Marthe Wéry (1930-2005) is undoubtedly one of the
major Belgian artists of the second half of the 20th century. In 2001,
following a retrospective at Bozar, on the occasion of the Belgian Presidency
of the European Union, she took part, together with photographer Dirk Braeckman
and visual artist Jan Fabre, in a project to integrate several works in the
Royal Palace, Brussels. She is also featured, through important collections, in
most of the Belgian museum collections (MRBA, SMAK, M HKA, MuZée) and abroad,
notably at the Center Pompidou and the Musée d'Art Moderne in Paris. It is
however the BPS22 Museum of Art of the Province of Hainaut that features the
largest number of her works.
Born in Brussels in 1930, Marthe Wéry studied painting at the Grande
Chaumière in Paris and studied engraving at Atelier 17 with Stanley William
Hayter, while leaning to draw by herself. After several studies, mainly in the
field of drawing (landscapes, nudes, battle scenes), she made a name for
herself in the Belgian art world with her geometric engravings inspired by
constructivism (first solo exhibition at the Galerie Saint Laurent in
Brussels). These works are characterised by the accuracy of their composition
and the dynamics of the surface textures from which she exploits all their
possibilities. A series of geometric paintings followed, inspired directly by
her studies in engraving and which capture the essence of engraving:
materiality of the medium, variations in texture and reflection of light, among
others through the use of spray paints that produce finely speckled surfaces.

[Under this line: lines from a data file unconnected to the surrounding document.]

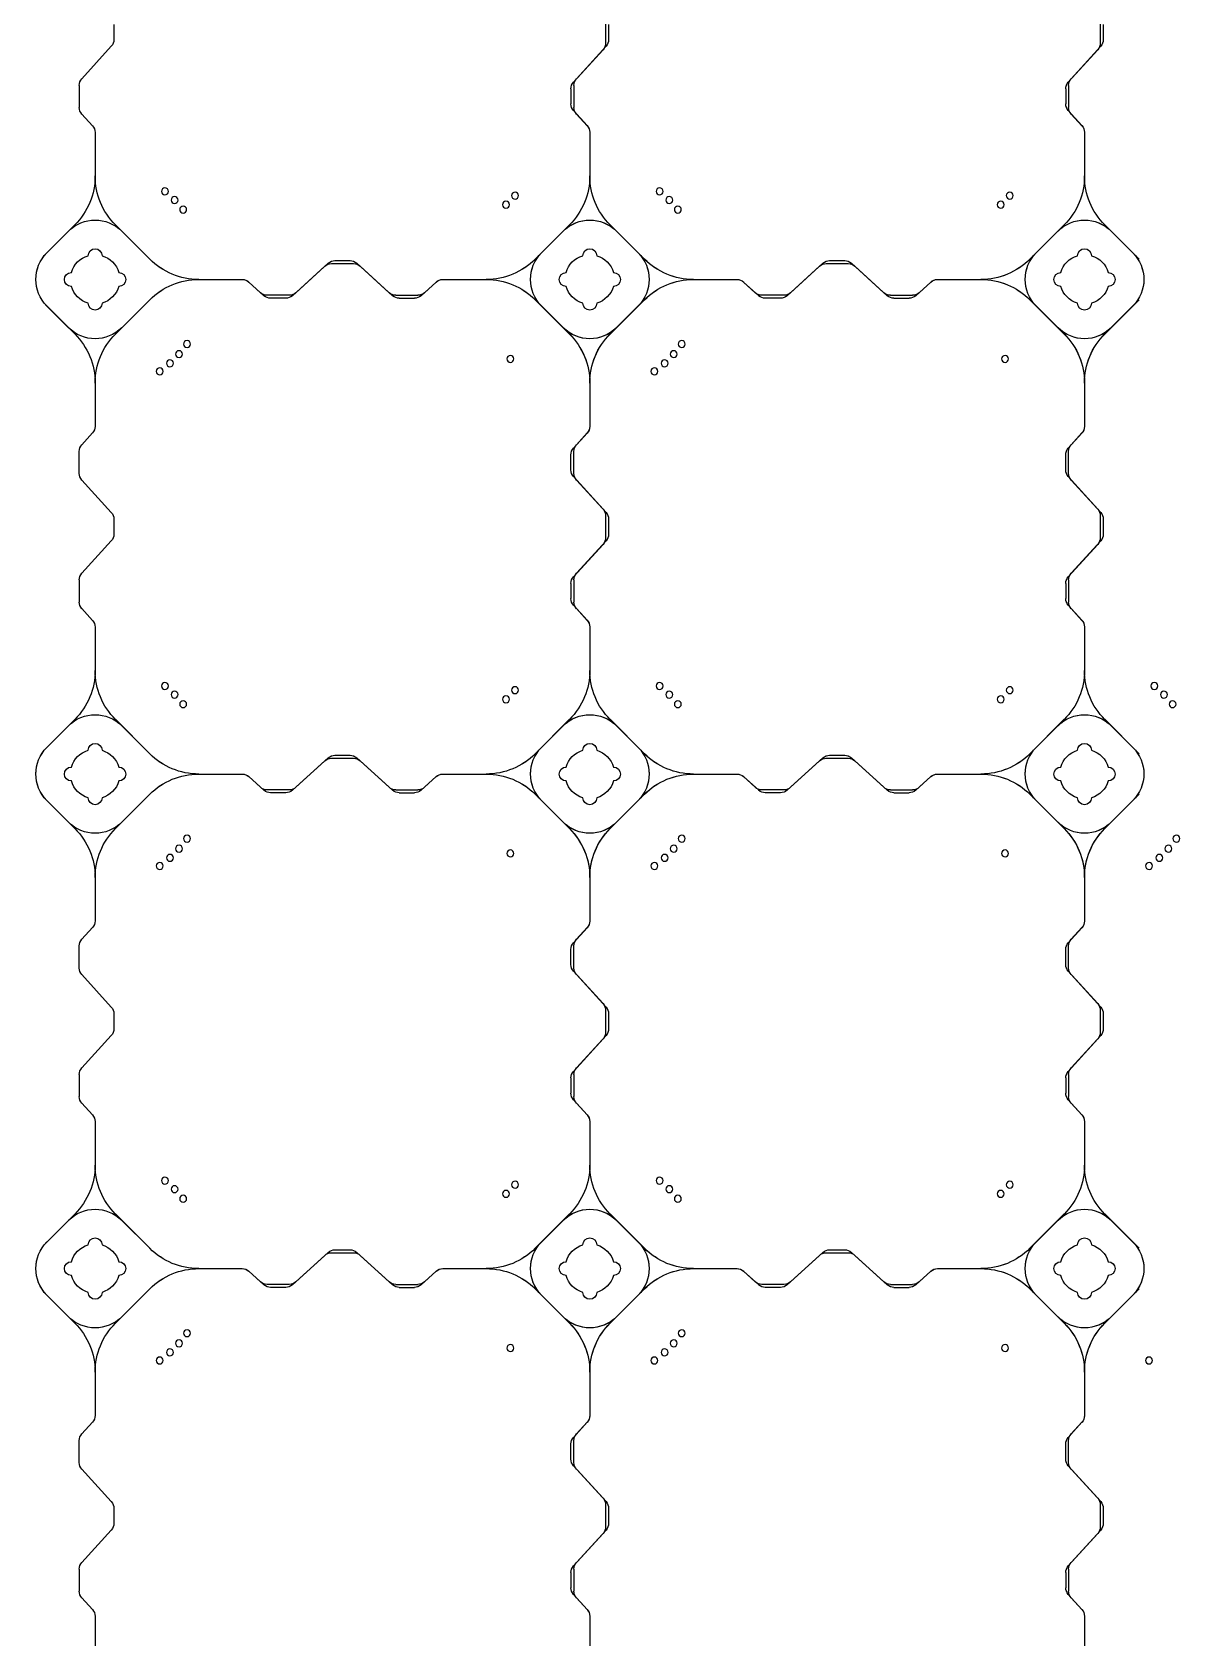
# Model space of a CAD drawing. Header units: millimetres. Extents: x -1612139 to -1260738, y 1141106 to 1536160.
# Drawn here: x -1336991 to -1335831, y 1188703 to 1190326 of the extents above; entities that cross this region are included whole.
import ezdxf

# ---------------------------------------------------------------- set-up
doc = ezdxf.new("R2010")
doc.units = ezdxf.units.MM
doc.header["$LTSCALE"] = 10
doc.layers.get('0').update_dxf_attribs({"linetype": 'CONTINUOUS'})
doc.layers.add('W-FLOAT_BOWL浮筒', color=253, linetype='CONTINUOUS')

# ---------------------------------------------------------------- blocks, each defined once
blk = doc.blocks.new('蓝色')
at = {"layer": 'W-FLOAT_BOWL浮筒', "color": 5}
for p, q in [((9006.3, -3648.2), (9006.3, -3604.2)), ((9506.3, -3648.4), (9506.3, -3604.2)), ((9506.3, -3648.2), (9506.3, -3604.2)), ((10006.3, -3648.4), (10006.3, -3604.2)), ((10006.3, -3648.2), (10006.3, -3604.2)), ((8992.9, -3666.8), (9003.7, -3654.9)), ((9489.9, -3670.3), (9503.7, -3655.1)), ((9492.9, -3666.8), (9503.7, -3654.9)), ((9989.9, -3670.3), (10003.7, -3655.1)), ((9992.9, -3666.8), (10003.7, -3654.9)), ((8990.3, -3695.8), (8990.3, -3673.5)), ((9487.3, -3692.3), (9487.3, -3677)), ((9490.3, -3695.8), (9490.3, -3673.5)), ((9987.3, -3692.3), (9987.3, -3677)), ((9990.3, -3695.8), (9990.3, -3673.5)), ((9489.9, -3699), (9519.7, -3731.8)), ((9989.9, -3699), (10019.7, -3731.8)), ((8992.9, -3702.5), (9022.7, -3735.3)), ((9492.9, -3702.5), (9522.7, -3735.3)), ((9992.9, -3702.5), (10022.7, -3735.3)), ((9025.3, -3757.3), (9025.3, -3742)), ((9522.3, -3760.8), (9522.3, -3738.5)), ((9525.3, -3757.3), (9525.3, -3742)), ((10022.3, -3760.8), (10022.3, -3738.5)), ((10025.3, -3757.3), (10025.3, -3742)), ((8992.9, -3796.8), (9022.7, -3764)), ((9492.9, -3796.8), (9522.7, -3764)), ((9992.9, -3796.8), (10022.7, -3764)), ((9489.9, -3800.3), (9519.7, -3767.5)), ((9989.9, -3800.3), (10019.7, -3767.5)), ((8990.3, -3803.5), (8990.3, -3825.8)), ((9487.3, -3807), (9487.3, -3822.3)), ((9490.3, -3803.5), (9490.3, -3825.8)), ((9987.3, -3807), (9987.3, -3822.3)), ((9990.3, -3803.5), (9990.3, -3825.8)), ((9489.9, -3829), (9503.7, -3844.2)), ((9989.9, -3829), (10003.7, -3844.2)), ((8992.9, -3832.5), (9003.7, -3844.4)), ((9492.9, -3832.5), (9503.7, -3844.4)), ((9992.9, -3832.5), (10003.7, -3844.4)), ((9006.3, -3894.9), (9006.3, -3851.1)), ((9506.3, -3894.9), (9506.3, -3850.9)), ((9506.3, -3894.9), (9506.3, -3851.1)), ((10006.3, -3894.9), (10006.3, -3850.9)), ((10006.3, -3894.9), (10006.3, -3851.1)), ((8957.5, -3972.8), (8985.8, -3944.5)), ((9061.6, -3979.1), (9026.8, -3944.4)), ((9451.1, -3979.1), (9485.8, -3944.4)), ((9457.5, -3972.8), (9485.8, -3944.5)), ((9561.6, -3979.1), (9526.8, -3944.4)), ((9555.2, -3972.8), (9526.8, -3944.5)), ((9951.1, -3979.1), (9985.8, -3944.4)), ((9957.5, -3972.8), (9985.8, -3944.5)), ((10061.6, -3979.1), (10026.8, -3944.4)), ((10055.2, -3972.8), (10026.8, -3944.5)), ((8957.5, -3972.7), (8979.4, -3950.8)), ((9033.2, -3950.8), (9061.5, -3979.1)), ((9479.5, -3950.8), (9451.2, -3979.1)), ((9457.5, -3972.7), (9479.4, -3950.8)), ((9533.2, -3950.8), (9555.2, -3972.7)), ((9533.2, -3950.8), (9561.5, -3979.1)), ((9979.5, -3950.8), (9951.2, -3979.1)), ((9957.5, -3972.7), (9979.4, -3950.8)), ((10033.2, -3950.8), (10055.2, -3972.7)), ((10033.2, -3950.8), (10061.5, -3979.1)), ((9173.5, -3986.2), (9161.6, -3997)), ((9177, -3983.2), (9161.8, -3997)), ((9202.5, -3983.6), (9180.2, -3983.6)), ((9199, -3980.6), (9183.7, -3980.6)), ((9205.7, -3983.2), (9238.5, -4013)), ((9209.2, -3986.2), (9242, -4016)), ((9303.5, -3986.2), (9270.7, -4016)), ((9307, -3983.2), (9274.2, -4013)), ((9310.2, -3983.6), (9332.5, -3983.6)), ((9313.7, -3980.6), (9329, -3980.6)), ((9335.7, -3983.2), (9350.9, -3997)), ((9339.2, -3986.2), (9351.1, -3997)), ((9673.5, -3986.2), (9661.6, -3997)), ((9677, -3983.2), (9661.8, -3997)), ((9702.5, -3983.6), (9680.2, -3983.6)), ((9699, -3980.6), (9683.7, -3980.6)), ((9705.7, -3983.2), (9738.5, -4013)), ((9709.2, -3986.2), (9742, -4016)), ((9803.5, -3986.2), (9770.7, -4016)), ((9807, -3983.2), (9774.2, -4013)), ((9810.2, -3983.6), (9832.5, -3983.6)), ((9813.7, -3980.6), (9829, -3980.6)), ((9835.7, -3983.2), (9850.9, -3997)), ((9839.2, -3986.2), (9851.1, -3997)), ((9110.9, -3999.6), (9155.1, -3999.6)), ((9110.9, -3999.6), (9154.9, -3999.6)), ((9357.6, -3999.6), (9401.6, -3999.6)), ((9357.8, -3999.6), (9401.6, -3999.6)), ((9610.9, -3999.6), (9655.1, -3999.6)), ((9610.9, -3999.6), (9654.9, -3999.6)), ((9857.6, -3999.6), (9901.6, -3999.6)), ((9857.8, -3999.6), (9901.6, -3999.6)), ((9026.8, -4054.9), (9061.6, -4020.1)), ((9033.2, -4048.4), (9061.5, -4020.1)), ((9245.2, -4015.6), (9267.5, -4015.6)), ((9248.7, -4018.6), (9264, -4018.6)), ((9485.8, -4054.9), (9451.1, -4020.1)), ((9479.5, -4048.4), (9451.2, -4020.1)), ((9526.8, -4054.9), (9561.6, -4020.1)), ((9533.2, -4048.4), (9561.5, -4020.1)), ((9745.2, -4015.6), (9767.5, -4015.6)), ((9748.7, -4018.6), (9764, -4018.6)), ((9985.8, -4054.9), (9951.1, -4020.1)), ((9979.5, -4048.4), (9951.2, -4020.1)), ((10026.8, -4054.9), (10061.6, -4020.1)), ((10033.2, -4048.4), (10061.5, -4020.1)), ((8979.4, -4048.4), (8957.5, -4026.5)), ((8957.5, -4026.5), (8985.8, -4054.8)), ((9479.4, -4048.4), (9457.5, -4026.5)), ((9457.5, -4026.5), (9485.8, -4054.8)), ((9555.2, -4026.5), (9526.8, -4054.8)), ((9555.2, -4026.5), (9533.2, -4048.4)), ((9979.4, -4048.4), (9957.5, -4026.5)), ((9957.5, -4026.5), (9985.8, -4054.8)), ((10055.2, -4026.5), (10026.8, -4054.8)), ((10055.2, -4026.5), (10033.2, -4048.4)), ((9006.3, -4148.2), (9006.3, -4104.2)), ((9506.3, -4148.4), (9506.3, -4104.2)), ((9506.3, -4148.2), (9506.3, -4104.2)), ((10006.3, -4148.4), (10006.3, -4104.2)), ((10006.3, -4148.2), (10006.3, -4104.2)), ((8992.9, -4166.8), (9003.7, -4154.9)), ((9489.9, -4170.3), (9503.7, -4155.1)), ((9492.9, -4166.8), (9503.7, -4154.9)), ((9989.9, -4170.3), (10003.7, -4155.1)), ((9992.9, -4166.8), (10003.7, -4154.9)), ((8990.3, -4195.8), (8990.3, -4173.5)), ((9487.3, -4192.3), (9487.3, -4177)), ((9490.3, -4195.8), (9490.3, -4173.5)), ((9987.3, -4192.3), (9987.3, -4177)), ((9990.3, -4195.8), (9990.3, -4173.5)), ((8992.9, -4202.5), (9022.7, -4235.3)), ((9489.9, -4199), (9519.7, -4231.8)), ((9492.9, -4202.5), (9522.7, -4235.3)), ((9989.9, -4199), (10019.7, -4231.8)), ((9992.9, -4202.5), (10022.7, -4235.3)), ((9025.3, -4257.3), (9025.3, -4242)), ((9522.3, -4260.8), (9522.3, -4238.5)), ((9525.3, -4257.3), (9525.3, -4242)), ((10022.3, -4260.8), (10022.3, -4238.5)), ((10025.3, -4257.3), (10025.3, -4242)), ((8992.9, -4296.8), (9022.7, -4264)), ((9489.9, -4300.3), (9519.7, -4267.5)), ((9492.9, -4296.8), (9522.7, -4264)), ((9989.9, -4300.3), (10019.7, -4267.5)), ((9992.9, -4296.8), (10022.7, -4264)), ((8990.3, -4303.5), (8990.3, -4325.8)), ((9487.3, -4307), (9487.3, -4322.3)), ((9490.3, -4303.5), (9490.3, -4325.8)), ((9987.3, -4307), (9987.3, -4322.3)), ((9990.3, -4303.5), (9990.3, -4325.8)), ((8992.9, -4332.5), (9003.7, -4344.4)), ((9489.9, -4329), (9503.7, -4344.2)), ((9492.9, -4332.5), (9503.7, -4344.4)), ((9989.9, -4329), (10003.7, -4344.2)), ((9992.9, -4332.5), (10003.7, -4344.4)), ((9006.3, -4394.9), (9006.3, -4351.1)), ((9506.3, -4394.9), (9506.3, -4350.9)), ((9506.3, -4394.9), (9506.3, -4351.1)), ((10006.3, -4394.9), (10006.3, -4350.9)), ((10006.3, -4394.9), (10006.3, -4351.1)), ((8957.5, -4472.8), (8985.8, -4444.5)), ((9061.6, -4479.1), (9026.8, -4444.4)), ((9451.1, -4479.1), (9485.8, -4444.4)), ((9457.5, -4472.8), (9485.8, -4444.5)), ((9561.6, -4479.1), (9526.8, -4444.4)), ((9555.2, -4472.8), (9526.8, -4444.5)), ((9951.1, -4479.1), (9985.8, -4444.4)), ((9957.5, -4472.8), (9985.8, -4444.5)), ((10061.6, -4479.1), (10026.8, -4444.4)), ((10055.2, -4472.8), (10026.8, -4444.5)), ((8957.5, -4472.7), (8979.4, -4450.8)), ((9033.2, -4450.8), (9061.5, -4479.1)), ((9479.5, -4450.8), (9451.2, -4479.1)), ((9457.5, -4472.7), (9479.4, -4450.8)), ((9533.2, -4450.8), (9555.2, -4472.7)), ((9533.2, -4450.8), (9561.5, -4479.1)), ((9979.5, -4450.8), (9951.2, -4479.1)), ((9957.5, -4472.7), (9979.4, -4450.8)), ((10033.2, -4450.8), (10055.2, -4472.7)), ((10033.2, -4450.8), (10061.5, -4479.1)), ((9173.5, -4486.2), (9161.6, -4497)), ((9177, -4483.2), (9161.8, -4497)), ((9202.5, -4483.6), (9180.2, -4483.6)), ((9199, -4480.6), (9183.7, -4480.6)), ((9205.7, -4483.2), (9238.5, -4513)), ((9209.2, -4486.2), (9242, -4516)), ((9303.5, -4486.2), (9270.7, -4516)), ((9307, -4483.2), (9274.2, -4513)), ((9310.2, -4483.6), (9332.5, -4483.6)), ((9313.7, -4480.6), (9329, -4480.6)), ((9335.7, -4483.2), (9350.9, -4497)), ((9339.2, -4486.2), (9351.1, -4497)), ((9673.5, -4486.2), (9661.6, -4497)), ((9677, -4483.2), (9661.8, -4497)), ((9702.5, -4483.6), (9680.2, -4483.6)), ((9699, -4480.6), (9683.7, -4480.6)), ((9705.7, -4483.2), (9738.5, -4513)), ((9709.2, -4486.2), (9742, -4516)), ((9803.5, -4486.2), (9770.7, -4516)), ((9807, -4483.2), (9774.2, -4513)), ((9810.2, -4483.6), (9832.5, -4483.6)), ((9813.7, -4480.6), (9829, -4480.6)), ((9835.7, -4483.2), (9850.9, -4497)), ((9839.2, -4486.2), (9851.1, -4497)), ((9110.9, -4499.6), (9155.1, -4499.6)), ((9110.9, -4499.6), (9154.9, -4499.6)), ((9357.6, -4499.6), (9401.6, -4499.6)), ((9357.8, -4499.6), (9401.6, -4499.6)), ((9610.9, -4499.6), (9655.1, -4499.6)), ((9610.9, -4499.6), (9654.9, -4499.6)), ((9857.6, -4499.6), (9901.6, -4499.6)), ((9857.8, -4499.6), (9901.6, -4499.6)), ((8979.4, -4548.4), (8957.5, -4526.5)), ((8957.5, -4526.5), (8985.8, -4554.8)), ((9026.8, -4554.9), (9061.6, -4520.1)), ((9033.2, -4548.4), (9061.5, -4520.1)), ((9245.2, -4515.6), (9267.5, -4515.6)), ((9248.7, -4518.6), (9264, -4518.6)), ((9485.8, -4554.9), (9451.1, -4520.1)), ((9479.5, -4548.4), (9451.2, -4520.1)), ((9479.4, -4548.4), (9457.5, -4526.5)), ((9457.5, -4526.5), (9485.8, -4554.8)), ((9526.8, -4554.9), (9561.6, -4520.1)), ((9555.2, -4526.5), (9526.8, -4554.8)), ((9533.2, -4548.4), (9561.5, -4520.1)), ((9555.2, -4526.5), (9533.2, -4548.4)), ((9745.2, -4515.6), (9767.5, -4515.6)), ((9748.7, -4518.6), (9764, -4518.6)), ((9985.8, -4554.9), (9951.1, -4520.1)), ((9979.5, -4548.4), (9951.2, -4520.1)), ((9979.4, -4548.4), (9957.5, -4526.5)), ((9957.5, -4526.5), (9985.8, -4554.8)), ((10026.8, -4554.9), (10061.6, -4520.1)), ((10055.2, -4526.5), (10026.8, -4554.8)), ((10033.2, -4548.4), (10061.5, -4520.1)), ((10055.2, -4526.5), (10033.2, -4548.4)), ((9006.3, -4648.2), (9006.3, -4604.2)), ((9506.3, -4648.4), (9506.3, -4604.2)), ((9506.3, -4648.2), (9506.3, -4604.2)), ((10006.3, -4648.4), (10006.3, -4604.2)), ((10006.3, -4648.2), (10006.3, -4604.2)), ((8992.9, -4666.8), (9003.7, -4654.9)), ((9489.9, -4670.3), (9503.7, -4655.1)), ((9492.9, -4666.8), (9503.7, -4654.9)), ((9989.9, -4670.3), (10003.7, -4655.1)), ((9992.9, -4666.8), (10003.7, -4654.9)), ((8990.3, -4695.8), (8990.3, -4673.5)), ((9490.3, -4695.8), (9490.3, -4673.5)), ((9990.3, -4695.8), (9990.3, -4673.5)), ((9487.3, -4692.3), (9487.3, -4677)), ((9987.3, -4692.3), (9987.3, -4677)), ((8992.9, -4702.5), (9022.7, -4735.3)), ((9489.9, -4699), (9519.7, -4731.8)), ((9492.9, -4702.5), (9522.7, -4735.3)), ((9989.9, -4699), (10019.7, -4731.8)), ((9992.9, -4702.5), (10022.7, -4735.3)), ((9522.3, -4760.8), (9522.3, -4738.5)), ((10022.3, -4760.8), (10022.3, -4738.5)), ((9025.3, -4757.3), (9025.3, -4742)), ((9525.3, -4757.3), (9525.3, -4742)), ((10025.3, -4757.3), (10025.3, -4742)), ((8992.9, -4796.8), (9022.7, -4764)), ((9489.9, -4800.3), (9519.7, -4767.5)), ((9492.9, -4796.8), (9522.7, -4764)), ((9989.9, -4800.3), (10019.7, -4767.5)), ((9992.9, -4796.8), (10022.7, -4764)), ((8990.3, -4803.5), (8990.3, -4825.8)), ((9490.3, -4803.5), (9490.3, -4825.8)), ((9990.3, -4803.5), (9990.3, -4825.8)), ((9487.3, -4807), (9487.3, -4822.3)), ((9987.3, -4807), (9987.3, -4822.3)), ((8992.9, -4832.5), (9003.7, -4844.4)), ((9489.9, -4829), (9503.7, -4844.2)), ((9492.9, -4832.5), (9503.7, -4844.4)), ((9989.9, -4829), (10003.7, -4844.2)), ((9992.9, -4832.5), (10003.7, -4844.4)), ((9006.3, -4894.9), (9006.3, -4851.1)), ((9506.3, -4894.9), (9506.3, -4850.9)), ((9506.3, -4894.9), (9506.3, -4851.1)), ((10006.3, -4894.9), (10006.3, -4850.9)), ((10006.3, -4894.9), (10006.3, -4851.1)), ((8957.5, -4972.8), (8985.8, -4944.5)), ((8957.5, -4972.7), (8979.4, -4950.8)), ((9061.6, -4979.1), (9026.8, -4944.4)), ((9033.2, -4950.8), (9061.5, -4979.1)), ((9451.1, -4979.1), (9485.8, -4944.4)), ((9479.5, -4950.8), (9451.2, -4979.1)), ((9457.5, -4972.8), (9485.8, -4944.5)), ((9457.5, -4972.7), (9479.4, -4950.8)), ((9561.6, -4979.1), (9526.8, -4944.4)), ((9555.2, -4972.8), (9526.8, -4944.5)), ((9533.2, -4950.8), (9555.2, -4972.7)), ((9533.2, -4950.8), (9561.5, -4979.1)), ((9951.1, -4979.1), (9985.8, -4944.4)), ((9979.5, -4950.8), (9951.2, -4979.1)), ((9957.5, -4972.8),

In the early 1970s, she turned to a more minimalist form, marked by her
grey compositions made of dense lines traced with a ruler; first on canvas,
then on paper of various formats and textures. Their indistinct formats, with
their uncertain contours, accentuate the dynamic dialectic between structure
and format; their knotty textures capture light. It also ensures that each
component stands alone: the medium is visible, the ink is perceptible, and the
format of the medium is clearly marked. Marthe Wéry got noticed on the
international scene and participated in the Fundamental Painting exhibition at the Stedelijk Museum in Amsterdam in 1974; then at
Documenta 6 in Kassel, Germany.
In 1982, her intervention at the Belgian Pavilion, on the occasion of
the Venice Biennale, marked the great return of colour in her work. During this
decade, she multiplied the radical experiments that break down the essential
components of painting: medium, form, frame, colour. The result of these
experiments was the Montreal, Sao
Paulo and a/d Drecht series. The canvases of different sizes are like ‘dashes’ of
colour, arranged on a white wall. The tension between the shape and the format
takes place within the scale of the wall. The architecture of the exhibition
site takes an increasingly prominent place in the final installation.
While the beginning of the 80s is marked by the return of colour, the
end of this decade and the beginning of the next saw new research leading to
radical series: a/d Drecht are series of panels or canvases lined
with bevel-cut MDF. The format of the panel is closed by a frame, some sides
are left open. The depth of the blue is contradicted by the brutality of the
panel. The tension between the blue coloured patch and the raw medium is
further amplified a few years later in another series, shown for the first time
at the Musée d’Art Moderne de la Ville in Paris, during the exhibition L’Art en Belgique. Un point de vue. A panel in a neutral grey resting on one of
the seven panels of raw wood. With this historical series, Marthe Wéry reaches
a rare point in her questioning on the support of painting and its limits.
At the beginning of the 80s, Marthe Wéry produced a series of minimalist
gray paintings, crossed by flat, horizontal or vertical lines, establishing the
passage of different planes. These ‘relief’ paintings emerge from flatness to
structure space according to a precise rhythm that modifies the perception of
surfaces coloured uniformly. A real plastic rhythm seems to modulate the planes
of the painting and, by extension, the architecture that hosts it. A piece,
made of two painted wooden panels, superimposed one above the other, with a
slight shift, and leaning against the wall, shows the new limit that the artist
attains in the decomposition of the components of the painting.
In the mid 90s, Marthe Wéry developed ‘new ways’ of painting, in order
to use the potentialities of the surface of the painting; a radical period is
followed by a more colourful but always rigorous period, in which some older
preoccupations (architecture, luminosity, etc.) were expressed differently.
This is the case of the open series Calais, begun
in 1995 and prematurely ended at the death of the artist, made of a vast
installation of MDF panels, covered with a sky blue, ranging from a dark blue
grey to a very refreshing blue-white, which can be reconfigured according to
the space of exposure. The ensemble is what we call today a ‘variable media’,
that is to say a sort of plastic score (in the musical sense of the term) that
must be reinterpreted at each presentation. Like any musical interpretation,
presentation is the subject of a distinct appreciation of the work.
Marthe Wéry died in 2005, shortly after her
last exhibition, Les Couleurs du
Monochrome, organised by the BPS22, at the Museum of Fine Arts in Tournai, as part
of Lille 2004, European Capital of Culture.